BRIEF – Your task is to copy each line of the material below that includes "paths".

MATERIAL PROVIDED –
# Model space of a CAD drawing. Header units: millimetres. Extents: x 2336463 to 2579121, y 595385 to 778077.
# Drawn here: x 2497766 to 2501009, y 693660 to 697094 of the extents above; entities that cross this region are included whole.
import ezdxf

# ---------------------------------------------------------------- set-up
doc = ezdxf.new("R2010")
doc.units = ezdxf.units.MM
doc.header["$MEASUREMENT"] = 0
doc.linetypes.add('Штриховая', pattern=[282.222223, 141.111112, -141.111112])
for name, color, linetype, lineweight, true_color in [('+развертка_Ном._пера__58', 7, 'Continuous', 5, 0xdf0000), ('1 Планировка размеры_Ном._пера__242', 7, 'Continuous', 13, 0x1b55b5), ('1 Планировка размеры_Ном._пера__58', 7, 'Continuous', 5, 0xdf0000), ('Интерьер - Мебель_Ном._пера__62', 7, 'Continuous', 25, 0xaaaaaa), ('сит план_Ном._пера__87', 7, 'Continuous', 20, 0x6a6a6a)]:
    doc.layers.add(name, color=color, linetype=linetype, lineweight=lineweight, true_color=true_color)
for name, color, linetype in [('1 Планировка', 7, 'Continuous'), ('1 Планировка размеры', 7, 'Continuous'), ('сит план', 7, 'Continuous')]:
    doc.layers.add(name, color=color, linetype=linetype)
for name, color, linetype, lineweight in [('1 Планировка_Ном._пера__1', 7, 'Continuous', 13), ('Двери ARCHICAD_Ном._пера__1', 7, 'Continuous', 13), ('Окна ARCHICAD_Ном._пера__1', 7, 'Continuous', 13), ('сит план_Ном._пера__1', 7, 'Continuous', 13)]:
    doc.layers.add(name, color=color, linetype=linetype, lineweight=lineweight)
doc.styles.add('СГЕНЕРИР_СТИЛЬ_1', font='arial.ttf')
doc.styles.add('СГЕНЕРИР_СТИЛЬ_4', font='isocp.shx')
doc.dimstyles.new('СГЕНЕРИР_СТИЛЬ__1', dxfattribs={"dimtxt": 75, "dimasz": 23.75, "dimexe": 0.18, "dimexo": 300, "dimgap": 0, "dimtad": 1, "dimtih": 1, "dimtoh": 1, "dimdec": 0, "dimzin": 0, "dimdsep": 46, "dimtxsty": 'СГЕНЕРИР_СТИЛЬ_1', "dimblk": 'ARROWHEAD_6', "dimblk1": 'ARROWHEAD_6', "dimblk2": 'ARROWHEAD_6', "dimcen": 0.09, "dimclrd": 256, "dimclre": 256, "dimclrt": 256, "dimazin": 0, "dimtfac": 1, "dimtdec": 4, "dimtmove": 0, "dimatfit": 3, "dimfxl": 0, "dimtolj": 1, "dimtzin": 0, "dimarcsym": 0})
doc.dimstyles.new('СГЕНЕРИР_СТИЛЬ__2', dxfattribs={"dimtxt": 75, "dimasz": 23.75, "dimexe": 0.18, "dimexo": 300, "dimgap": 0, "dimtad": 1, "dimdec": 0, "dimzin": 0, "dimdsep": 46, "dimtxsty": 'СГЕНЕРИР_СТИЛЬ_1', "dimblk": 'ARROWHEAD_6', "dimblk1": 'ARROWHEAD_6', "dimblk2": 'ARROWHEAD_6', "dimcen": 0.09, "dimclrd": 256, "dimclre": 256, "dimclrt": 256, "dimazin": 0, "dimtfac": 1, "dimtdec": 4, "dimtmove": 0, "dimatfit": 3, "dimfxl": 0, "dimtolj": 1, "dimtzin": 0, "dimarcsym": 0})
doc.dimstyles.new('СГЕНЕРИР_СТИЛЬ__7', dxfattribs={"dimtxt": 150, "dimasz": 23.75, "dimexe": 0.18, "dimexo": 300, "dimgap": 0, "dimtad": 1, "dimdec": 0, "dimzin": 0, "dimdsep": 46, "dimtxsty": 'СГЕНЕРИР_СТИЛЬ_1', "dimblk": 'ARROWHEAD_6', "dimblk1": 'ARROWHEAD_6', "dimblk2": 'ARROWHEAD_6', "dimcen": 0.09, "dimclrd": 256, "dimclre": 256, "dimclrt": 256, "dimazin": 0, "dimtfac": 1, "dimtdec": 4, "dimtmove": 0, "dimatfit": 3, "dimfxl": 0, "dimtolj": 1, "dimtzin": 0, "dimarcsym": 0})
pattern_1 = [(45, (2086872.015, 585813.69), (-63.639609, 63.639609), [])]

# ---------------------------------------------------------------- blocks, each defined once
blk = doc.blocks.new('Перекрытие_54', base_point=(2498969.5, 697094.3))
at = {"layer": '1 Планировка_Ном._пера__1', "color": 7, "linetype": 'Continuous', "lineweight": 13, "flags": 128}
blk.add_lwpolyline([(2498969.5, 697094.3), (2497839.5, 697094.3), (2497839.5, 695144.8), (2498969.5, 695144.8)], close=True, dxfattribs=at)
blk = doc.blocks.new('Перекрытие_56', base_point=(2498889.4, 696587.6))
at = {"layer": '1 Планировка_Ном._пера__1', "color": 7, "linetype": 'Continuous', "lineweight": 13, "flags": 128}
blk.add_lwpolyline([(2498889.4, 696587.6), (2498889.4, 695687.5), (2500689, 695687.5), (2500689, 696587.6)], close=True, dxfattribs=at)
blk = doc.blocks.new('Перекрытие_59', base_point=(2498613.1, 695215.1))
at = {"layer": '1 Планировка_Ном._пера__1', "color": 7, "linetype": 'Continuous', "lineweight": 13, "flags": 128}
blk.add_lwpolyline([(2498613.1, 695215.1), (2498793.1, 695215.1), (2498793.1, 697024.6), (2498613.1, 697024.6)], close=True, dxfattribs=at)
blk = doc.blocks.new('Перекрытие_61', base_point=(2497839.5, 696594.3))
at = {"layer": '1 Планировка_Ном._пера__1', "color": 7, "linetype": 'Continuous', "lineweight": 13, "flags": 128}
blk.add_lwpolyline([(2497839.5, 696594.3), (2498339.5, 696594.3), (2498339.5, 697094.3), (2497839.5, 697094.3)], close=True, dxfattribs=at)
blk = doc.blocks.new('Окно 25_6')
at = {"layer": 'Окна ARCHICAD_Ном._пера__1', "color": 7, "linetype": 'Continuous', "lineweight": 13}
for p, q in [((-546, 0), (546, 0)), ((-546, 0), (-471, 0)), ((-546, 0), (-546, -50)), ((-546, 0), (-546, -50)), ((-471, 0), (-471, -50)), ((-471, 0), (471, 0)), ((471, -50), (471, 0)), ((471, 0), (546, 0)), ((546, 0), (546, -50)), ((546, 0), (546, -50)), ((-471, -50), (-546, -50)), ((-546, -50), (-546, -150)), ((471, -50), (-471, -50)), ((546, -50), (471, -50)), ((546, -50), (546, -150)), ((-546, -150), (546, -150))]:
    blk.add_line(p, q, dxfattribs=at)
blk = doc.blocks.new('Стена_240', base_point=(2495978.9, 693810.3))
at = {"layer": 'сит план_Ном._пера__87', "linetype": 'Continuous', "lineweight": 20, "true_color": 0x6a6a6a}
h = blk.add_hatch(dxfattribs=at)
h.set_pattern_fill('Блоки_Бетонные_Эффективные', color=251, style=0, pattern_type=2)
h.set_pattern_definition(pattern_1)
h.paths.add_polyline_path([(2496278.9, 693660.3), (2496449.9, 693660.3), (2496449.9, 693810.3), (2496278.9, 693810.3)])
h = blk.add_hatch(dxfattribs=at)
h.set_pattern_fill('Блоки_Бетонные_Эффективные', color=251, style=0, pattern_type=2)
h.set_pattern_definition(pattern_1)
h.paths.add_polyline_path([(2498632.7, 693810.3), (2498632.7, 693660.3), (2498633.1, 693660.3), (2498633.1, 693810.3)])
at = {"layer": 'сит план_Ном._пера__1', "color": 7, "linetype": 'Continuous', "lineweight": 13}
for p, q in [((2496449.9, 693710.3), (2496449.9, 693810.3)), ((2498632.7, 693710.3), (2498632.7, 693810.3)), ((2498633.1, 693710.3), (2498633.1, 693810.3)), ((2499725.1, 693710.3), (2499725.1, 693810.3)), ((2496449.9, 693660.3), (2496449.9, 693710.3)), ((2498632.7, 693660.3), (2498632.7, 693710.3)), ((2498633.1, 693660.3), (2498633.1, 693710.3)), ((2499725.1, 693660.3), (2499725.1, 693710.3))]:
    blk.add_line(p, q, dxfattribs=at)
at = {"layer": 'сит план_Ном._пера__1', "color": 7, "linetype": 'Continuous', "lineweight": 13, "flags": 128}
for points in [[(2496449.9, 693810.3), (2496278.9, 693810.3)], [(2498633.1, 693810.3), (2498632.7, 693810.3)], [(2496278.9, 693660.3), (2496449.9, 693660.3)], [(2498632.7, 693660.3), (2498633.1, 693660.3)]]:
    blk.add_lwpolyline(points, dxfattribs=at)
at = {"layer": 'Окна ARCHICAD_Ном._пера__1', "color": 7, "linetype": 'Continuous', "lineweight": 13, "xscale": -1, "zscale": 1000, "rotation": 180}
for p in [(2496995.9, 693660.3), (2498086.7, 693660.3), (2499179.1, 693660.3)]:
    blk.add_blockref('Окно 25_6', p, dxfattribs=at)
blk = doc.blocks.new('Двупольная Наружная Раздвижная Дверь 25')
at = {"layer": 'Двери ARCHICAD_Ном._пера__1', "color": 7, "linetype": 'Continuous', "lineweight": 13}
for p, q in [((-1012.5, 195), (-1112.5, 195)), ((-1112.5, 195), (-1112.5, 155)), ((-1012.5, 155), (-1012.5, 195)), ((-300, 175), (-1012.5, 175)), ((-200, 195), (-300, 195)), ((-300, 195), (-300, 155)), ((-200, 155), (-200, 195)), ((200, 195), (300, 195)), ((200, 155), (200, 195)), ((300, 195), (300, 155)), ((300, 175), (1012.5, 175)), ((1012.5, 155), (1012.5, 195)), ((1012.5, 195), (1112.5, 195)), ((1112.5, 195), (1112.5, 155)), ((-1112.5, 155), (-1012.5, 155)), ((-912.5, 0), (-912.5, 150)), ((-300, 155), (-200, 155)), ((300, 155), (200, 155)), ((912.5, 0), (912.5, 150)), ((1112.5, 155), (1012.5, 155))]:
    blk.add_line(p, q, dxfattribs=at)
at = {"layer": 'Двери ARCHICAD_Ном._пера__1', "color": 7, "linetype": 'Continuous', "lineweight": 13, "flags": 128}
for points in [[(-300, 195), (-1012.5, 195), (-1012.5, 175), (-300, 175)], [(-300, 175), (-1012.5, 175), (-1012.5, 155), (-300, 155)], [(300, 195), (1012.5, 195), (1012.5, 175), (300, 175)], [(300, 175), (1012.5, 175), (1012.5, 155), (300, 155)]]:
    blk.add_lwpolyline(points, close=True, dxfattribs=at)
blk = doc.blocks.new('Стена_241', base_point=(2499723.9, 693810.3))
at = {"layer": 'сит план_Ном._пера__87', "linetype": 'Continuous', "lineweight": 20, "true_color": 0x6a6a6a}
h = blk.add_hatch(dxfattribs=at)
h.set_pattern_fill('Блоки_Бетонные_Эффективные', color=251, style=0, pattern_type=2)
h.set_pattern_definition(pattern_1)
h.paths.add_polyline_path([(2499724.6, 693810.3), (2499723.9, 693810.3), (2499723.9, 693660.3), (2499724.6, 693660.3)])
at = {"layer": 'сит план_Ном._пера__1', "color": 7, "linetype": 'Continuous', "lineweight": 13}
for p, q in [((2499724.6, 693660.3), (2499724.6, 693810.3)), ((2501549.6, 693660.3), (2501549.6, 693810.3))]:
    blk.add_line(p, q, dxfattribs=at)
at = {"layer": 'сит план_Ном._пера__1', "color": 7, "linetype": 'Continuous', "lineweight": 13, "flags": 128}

WRITTEN ANSWER –
h.paths.add_polyline_path([(2496278.9, 693660.3), (2496449.9, 693660.3), (2496449.9, 693810.3), (2496278.9, 693810.3)])
h.paths.add_polyline_path([(2498632.7, 693810.3), (2498632.7, 693660.3), (2498633.1, 693660.3), (2498633.1, 693810.3)])
h.paths.add_polyline_path([(2499724.6, 693810.3), (2499723.9, 693810.3), (2499723.9, 693660.3), (2499724.6, 693660.3)])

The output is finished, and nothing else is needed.